··· Task input

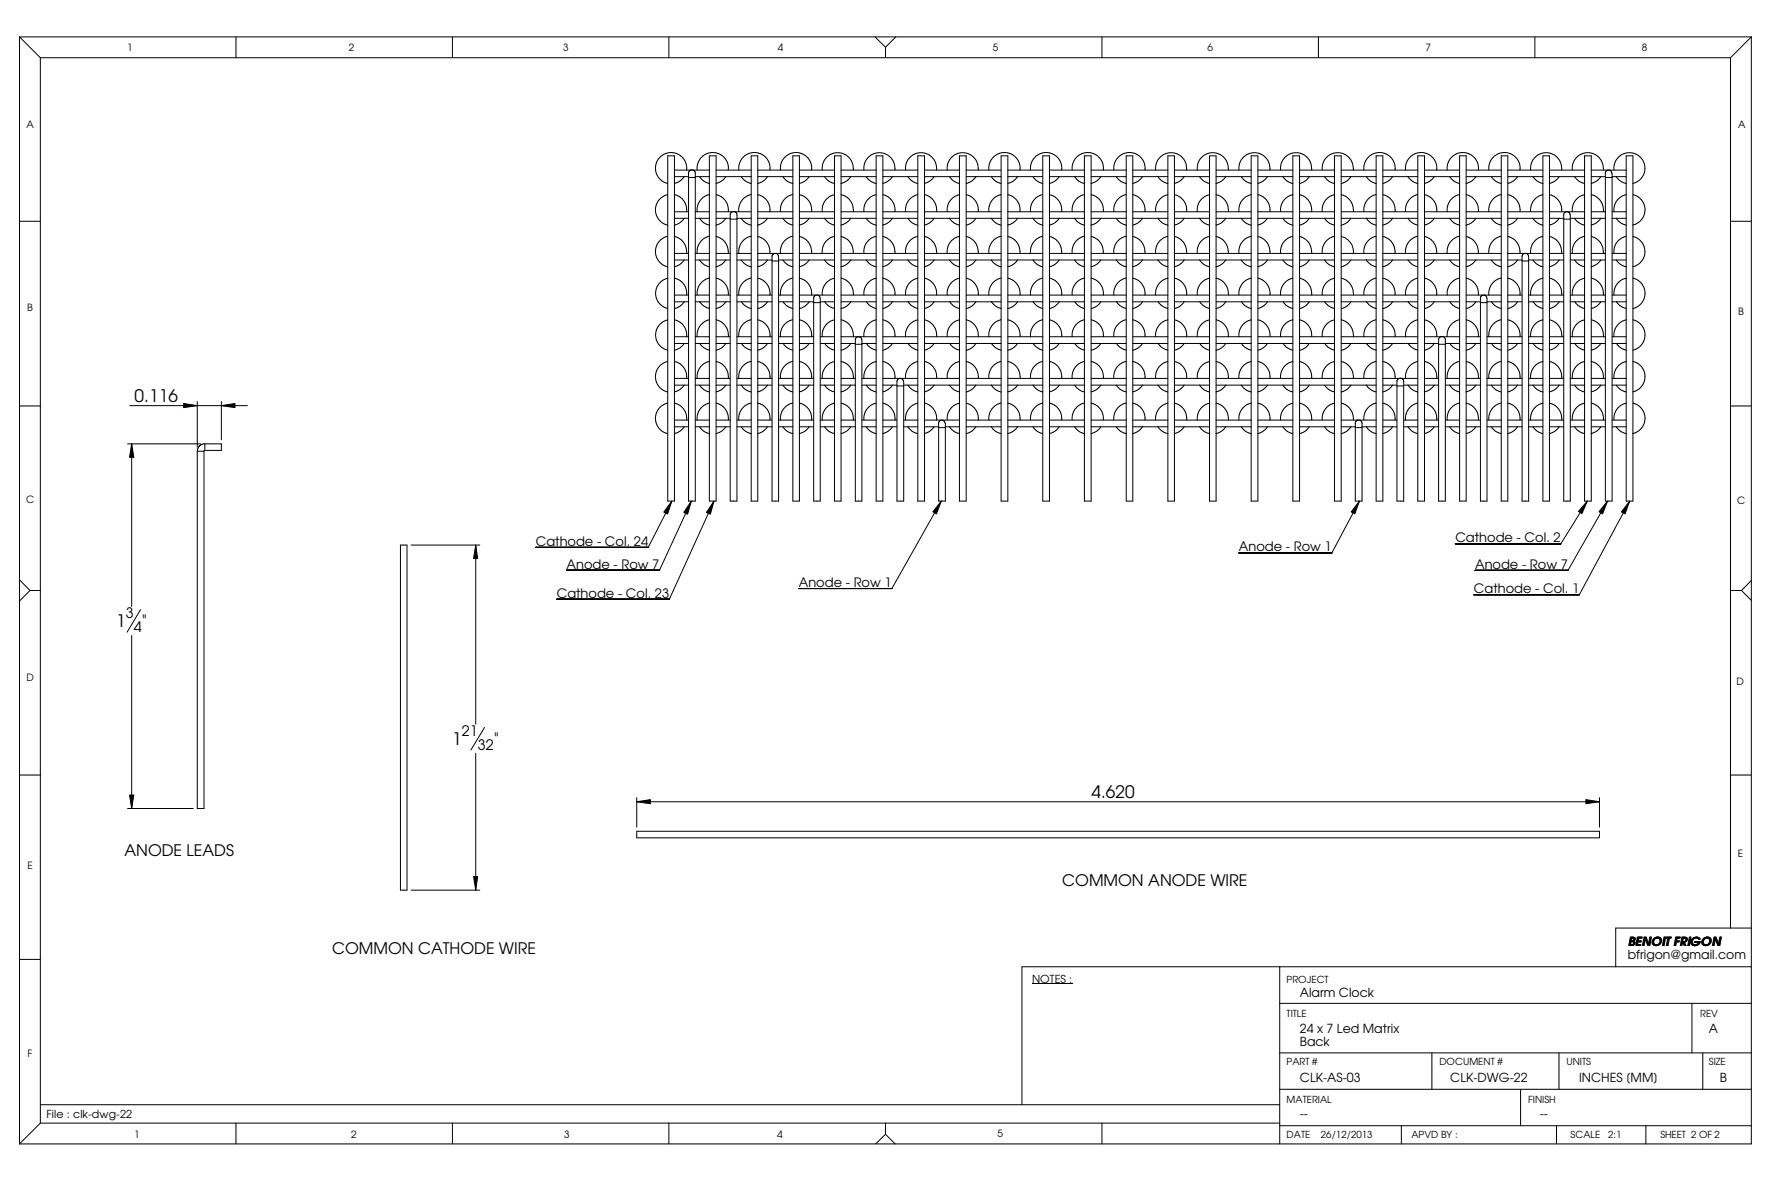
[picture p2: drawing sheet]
<svg xmlns="http://www.w3.org/2000/svg" width="457mm" height="305mm" viewBox="0 0 457 305" stroke-linecap="round" stroke-linejoin="round" font-family="sans-serif">
<g fill="none" stroke="#000" stroke-width=".26">
<path d="M5 9.5v285.7M5 9.5h447.1M5 9.5l5.4 5.4M10.4 14.9v275M10.4 14.9h436.3M60.9 9.5v5.4M116.8 9.5v5.4M172.7 9.5v5.4M225.9 9.5l2.7 2.7M228.6 12.2v2.7M231.3 9.5l-2.7 2.7M284.5 9.5v5.4"/>
<path d="M340.4 9.5v5.4M396.2 9.5v5.4M446.7 14.9v224.6M452.1 9.5v285.7h-447.1M452.1 9.5l-5.4 5.4M5 57.1h5.4M172.4 50.2l-1.1 .4-1.1 .9-.7 1.1-.3 1.2 .1 1.4 .8 1.6 1 .8 1.3 .5M172.4 40.2h1.7v89.1h-1.7zM174.1 50.2l1.2 .5 1.1 1 .7 1.3 .1 1.7M174.1 54.7h3.7M174.1 56.3h3.7M174.1 43.9h9"/>
<path d="M174.1 45.6h3.7M176.7 45.6l-1.1 1.1-1.5 .6M176.7 56.3l-1.1 1.1-1.5 .7M177.2 43.9v-1.1l-.2-.9-.6-1.1-1-.8-1.1-.5-1.3-.1-1.3 .3-.8 .4-.7 .7-.7 1.1-.3 1.2v1l.3 .9 .6 1 1 .9 1.3 .5M177.8 45.8h1.7M179.5 44.7v1.1M179.5 54.7h3.6M179.5 56.3h3.6M179.5 45.6h3.6M179.5 44.7l-.1-.5-.5-.3-.8 .1-.3 .4v84.9h1.7v-83.5M180 43.9l.1-1.6 .7-1.4 1.3-1.1 1.5-.4 2 .3 1.3 .9 1 1.6 .1 1.7M180.6 56.3l1.1 1.2 1.4 .6"/>
<path d="M180.6 45.6l1.1 1.2 1.4 .6M183.1 50.2l-1.2 .5-1.2 1.1-.6 1.3-.1 1.6M183.1 40.2h1.8v89.1h-1.8zM184.9 50.2l1.2 .5 1.1 1 .7 1.3 .1 1.7M184.9 54.7h9M184.9 56.3h3.6M184.9 43.9h9M184.9 45.6h9M187.4 56.3l-1 1.1-1.6 .7M187.4 45.6l-1 1.1-1.6 .6M188.5 56.6h1.7M188.6 54.9l.5-.3h.6l.5 .6v74.1h-1.7z"/>
<path d="M190.2 56.3h3.7M190.8 43.9v-1.6l.8-1.4 1.2-1.1 1.6-.4 1.9 .3 1.4 .9 .9 1.6 .2 1.7M191.3 56.3l1.1 1.2 1.5 .6M191.3 45.6l1.1 1.1 1.5 .7M193.9 50.2l-1.3 .5-1.1 1.1-.7 1.6v1.3M193.9 40.2h1.7v89.1h-1.7zM195.6 50.2l1.2 .5 1.2 1 .6 1.3 .2 1.7M195.6 54.7h9.1M195.6 56.3h9.1M195.6 43.9h9.1M195.6 45.6h9.1M198.2 56.3l-1.1 1.1-1.5 .7"/>
<path d="M198.2 45.6l-1.1 1.1-1.5 .6M201.5 43.9l.1-1.6 .8-1.4 1.2-1.1 1.5-.4 2 .3 1.3 .9 1 1.6 .1 1.7M202.1 56.3l1.1 1.2 1.5 .6M202.1 45.6l1.1 1.1 1.5 .7M204.6 50.2l-1.2 .5-1.2 1.1-.7 1.5v1.4M204.7 40.2h1.7v89.1h-1.7zM206.4 50.2l1.2 .5 1.1 1 .7 1.3 .1 1.7M206.4 54.7h9M206.4 56.3h9M206.4 43.9h9M206.4 45.6h9M208.9 56.3l-1 1.1-1.6 .7"/>
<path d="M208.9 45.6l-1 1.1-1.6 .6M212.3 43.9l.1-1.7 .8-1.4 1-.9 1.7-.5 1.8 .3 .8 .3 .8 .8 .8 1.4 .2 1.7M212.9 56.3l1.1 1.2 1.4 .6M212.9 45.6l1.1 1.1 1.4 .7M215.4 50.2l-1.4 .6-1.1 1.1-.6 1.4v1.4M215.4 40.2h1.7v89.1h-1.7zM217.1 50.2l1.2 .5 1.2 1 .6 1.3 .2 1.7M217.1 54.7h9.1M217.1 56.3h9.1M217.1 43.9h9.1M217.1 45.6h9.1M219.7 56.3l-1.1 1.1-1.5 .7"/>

······

▸ Requirement
Output the entries above exactly. Do not include the pictures.

▸ Exercise response
[picture p2: drawing sheet]
<svg xmlns="http://www.w3.org/2000/svg" width="457mm" height="305mm" viewBox="0 0 457 305" stroke-linecap="round" stroke-linejoin="round" font-family="sans-serif">
<g fill="none" stroke="#000" stroke-width=".26">
<path d="M5 9.5v285.7M5 9.5h447.1M5 9.5l5.4 5.4M10.4 14.9v275M10.4 14.9h436.3M60.9 9.5v5.4M116.8 9.5v5.4M172.7 9.5v5.4M225.9 9.5l2.7 2.7M228.6 12.2v2.7M231.3 9.5l-2.7 2.7M284.5 9.5v5.4"/>
<path d="M340.4 9.5v5.4M396.2 9.5v5.4M446.7 14.9v224.6M452.1 9.5v285.7h-447.1M452.1 9.5l-5.4 5.4M5 57.1h5.4M172.4 50.2l-1.1 .4-1.1 .9-.7 1.1-.3 1.2 .1 1.4 .8 1.6 1 .8 1.3 .5M172.4 40.2h1.7v89.1h-1.7zM174.1 50.2l1.2 .5 1.1 1 .7 1.3 .1 1.7M174.1 54.7h3.7M174.1 56.3h3.7M174.1 43.9h9"/>
<path d="M174.1 45.6h3.7M176.7 45.6l-1.1 1.1-1.5 .6M176.7 56.3l-1.1 1.1-1.5 .7M177.2 43.9v-1.1l-.2-.9-.6-1.1-1-.8-1.1-.5-1.3-.1-1.3 .3-.8 .4-.7 .7-.7 1.1-.3 1.2v1l.3 .9 .6 1 1 .9 1.3 .5M177.8 45.8h1.7M179.5 44.7v1.1M179.5 54.7h3.6M179.5 56.3h3.6M179.5 45.6h3.6M179.5 44.7l-.1-.5-.5-.3-.8 .1-.3 .4v84.9h1.7v-83.5M180 43.9l.1-1.6 .7-1.4 1.3-1.1 1.5-.4 2 .3 1.3 .9 1 1.6 .1 1.7M180.6 56.3l1.1 1.2 1.4 .6"/>
<path d="M180.6 45.6l1.1 1.2 1.4 .6M183.1 50.2l-1.2 .5-1.2 1.1-.6 1.3-.1 1.6M183.1 40.2h1.8v89.1h-1.8zM184.9 50.2l1.2 .5 1.1 1 .7 1.3 .1 1.7M184.9 54.7h9M184.9 56.3h3.6M184.9 43.9h9M184.9 45.6h9M187.4 56.3l-1 1.1-1.6 .7M187.4 45.6l-1 1.1-1.6 .6M188.5 56.6h1.7M188.6 54.9l.5-.3h.6l.5 .6v74.1h-1.7z"/>
<path d="M190.2 56.3h3.7M190.8 43.9v-1.6l.8-1.4 1.2-1.1 1.6-.4 1.9 .3 1.4 .9 .9 1.6 .2 1.7M191.3 56.3l1.1 1.2 1.5 .6M191.3 45.6l1.1 1.1 1.5 .7M193.9 50.2l-1.3 .5-1.1 1.1-.7 1.6v1.3M193.9 40.2h1.7v89.1h-1.7zM195.6 50.2l1.2 .5 1.2 1 .6 1.3 .2 1.7M195.6 54.7h9.1M195.6 56.3h9.1M195.6 43.9h9.1M195.6 45.6h9.1M198.2 56.3l-1.1 1.1-1.5 .7"/>
<path d="M198.2 45.6l-1.1 1.1-1.5 .6M201.5 43.9l.1-1.6 .8-1.4 1.2-1.1 1.5-.4 2 .3 1.3 .9 1 1.6 .1 1.7M202.1 56.3l1.1 1.2 1.5 .6M202.1 45.6l1.1 1.1 1.5 .7M204.6 50.2l-1.2 .5-1.2 1.1-.7 1.5v1.4M204.7 40.2h1.7v89.1h-1.7zM206.4 50.2l1.2 .5 1.1 1 .7 1.3 .1 1.7M206.4 54.7h9M206.4 56.3h9M206.4 43.9h9M206.4 45.6h9M208.9 56.3l-1 1.1-1.6 .7"/>
<path d="M208.9 45.6l-1 1.1-1.6 .6M212.3 43.9l.1-1.7 .8-1.4 1-.9 1.7-.5 1.8 .3 .8 .3 .8 .8 .8 1.4 .2 1.7M212.9 56.3l1.1 1.2 1.4 .6M212.9 45.6l1.1 1.1 1.4 .7M215.4 50.2l-1.4 .6-1.1 1.1-.6 1.4v1.4M215.4 40.2h1.7v89.1h-1.7zM217.1 50.2l1.2 .5 1.2 1 .6 1.3 .2 1.7M217.1 54.7h9.1M217.1 56.3h9.1M217.1 43.9h9.1M217.1 45.6h9.1M219.7 56.3l-1.1 1.1-1.5 .7"/>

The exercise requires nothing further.